Quality Control Chart for non-normal distributed data

Question

I am interested in building quality control charts for time series data where every data point has different gradation within the range of 0 to 1. For example first data point X1 may be 0.1, 0.2,..,1 and second data point X2 may be 0, 1/3, 2/3, 1. Third data may have some another interval.

The data is not seasonal and there is no pattern in how the intervals look like (e.g., 0.1(X1), 1/3(X2) etc.). In other words I don't know what is the gradation of future data points but know that the range is between 0 and 1.

My questions are

1) Wether the limits that I will build based on some training data (UCL, LCL) will be effected as a result of having different gradation - the variance will be higher since the data is not continuous?

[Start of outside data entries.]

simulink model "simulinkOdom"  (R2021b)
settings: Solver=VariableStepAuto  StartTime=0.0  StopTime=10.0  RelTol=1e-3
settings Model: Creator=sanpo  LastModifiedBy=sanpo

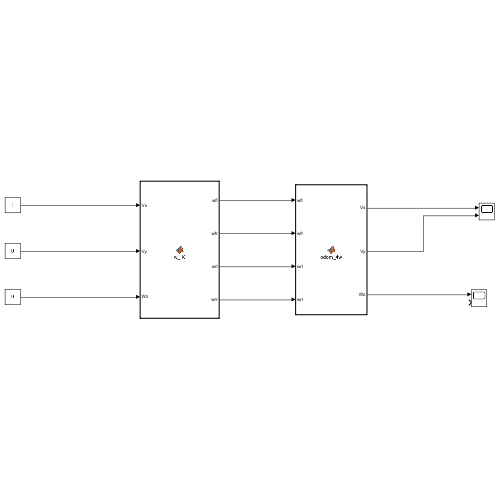
[thumbnail: Simulink's stored preview of the top-level diagram]
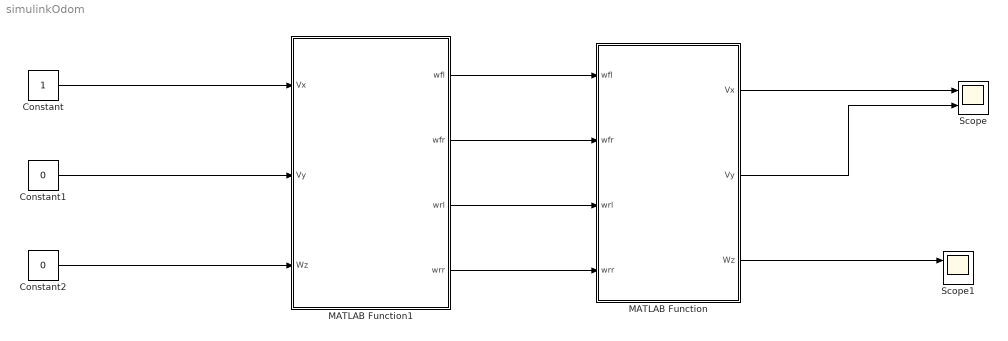
== system simulinkOdom ==
  Constant : Constant
  Constant1 : Constant  Value=0
  Constant2 : Constant  Value=0
  MATLAB Function : MATLAB Function  TreatAsAtomicUnit=on
  MATLAB Function1 : MATLAB Function  TreatAsAtomicUnit=on
  Scope : Scope  NumInputPorts=2
  Scope1 : Scope  NumInputPorts=2
  wires:
  MATLAB Function/1(Vx) -> Scope/1
  MATLAB Function/2(Vy) -> Scope/2
  MATLAB Function/3(Wz) -> Scope1/1
  MATLAB Function1/1(wfl) -> MATLAB Function/1(wfl)
  MATLAB Function1/2(wfr) -> MATLAB Function/2(wfr)
  MATLAB Function1/3(wrl) -> MATLAB Function/3(wrl)
  MATLAB Function1/4(wrr) -> MATLAB Function/4(wrr)
  Constant/1 -> MATLAB Function1/1(Vx)
  Constant1/1 -> MATLAB Function1/2(Vy)
  Constant2/1 -> MATLAB Function1/3(Wz)

== matlab function simulinkOdom/MATLAB Function1 ==
  data: Vx input; wfl output; wfr output; wrl output; wrr output; Vy input; Wz input
function [wfl,wfr,wrl,wrr] =  w_IK(Vx,Vy,Wz)

r = 1;
lx = 1;
ly = 1;
%---------------------
J = [1 -1 -(lx+ly);
    1 1 (lx+ly);
    1 1 -(lx+ly);
    1 -1 (lx+ly)]
W = (1/r)*J*[Vx;Vy;Wz];

wfl = W(1);
wfr = W(2);
wrl = W(3);
wrr = W(4);

== matlab function simulinkOdom/MATLAB Function ==
  data: wfl input; Vx output; wfr input; wrl input; wrr input; Vy output; Wz output

function [Vx,Vy,Wz] = odom_4w(wfl,wfr,wrl,wrr)
%-------------------
r = 1;
lx = 1;
ly = 1;
%---------------------
V = (r/4)*[1 1 1 1;
          -1 1 1 -1;
          -(1/(lx+ly)) (1/(lx+ly)) -(1/(lx+ly)) (1/(lx+ly))]*[wfl;wfr;wrl;wrr];
Vx = V(1);
Vy = V(2);
Wz = V(3);
end

2) Is it a problem given the fact that this represents the nature of future data and that I have a training set of 30 samples?

3) The data points represent performance of student over different tests in consequent time, and were normalised to be between 0 and 1 (10 questions in test will lead to interval of 0.1, 3 questions will lead to interval of 1/3). Maybe there are some ways to normalise the data to avoid the problem of blowing up the variance?

Many thanks for your patience and help!

Answer 1

If I understand correctly, you will use the 30 samples to estimate the in-control (IC) mean, which in this case is a actually proportion on the interval (0, 1). When you start monitor, will you monitor each individual's scores or the average score of all the students? If it's the average of all students, you may be able to get away with using standard control charts that assumes Normality if the subgroups are big enough.

One place you might want to look is the 1998 Hawkins and Olwell text. In section 5.7 they describe weighted binomial CUSUM charts. These are charts designed to monitor the probability parameter of binomial distributed data and don't require the same number of trials (test questions in your example) at each observation.

It's fairly likely that there are more sophisticated methods available and I wouldn't be surprised if this was still an open research area. You may also want to see what Google Scholar says when you look for control charts for binomial distributed data.

Answer 2

The proper chart for plotting the percent defective over time would be a $p$ chart, however, the sample size should not be less than 50. You can monitor the class of 30 students this way because, with three questions and 30 students, the number of possible defects becomes 90.

You could track each of your questions using a binomial distribution, testing your hypothesis of how difficult your questions are (e.g. probability of successfully answering your question is 0.80) and you can use the sample size of 30 for each question.

A sample size of 3–10 for each quiz is too small, and without establishing your hypothesised pass rate at the beginning you would need too many exams to establish the $\overline{p}$ for the $p$ charts by student—and that hypothesis may only be meaningful if your questions pass their hypothesis test on their chart. Distinguishing between the hypotheses may be difficult. Another option would be to use a $u$ chart with the $\overline{u}$ set at the average required to pass the class (e.g. 0.70), but you are still going to struggle with far too small of a sample size for discrete data.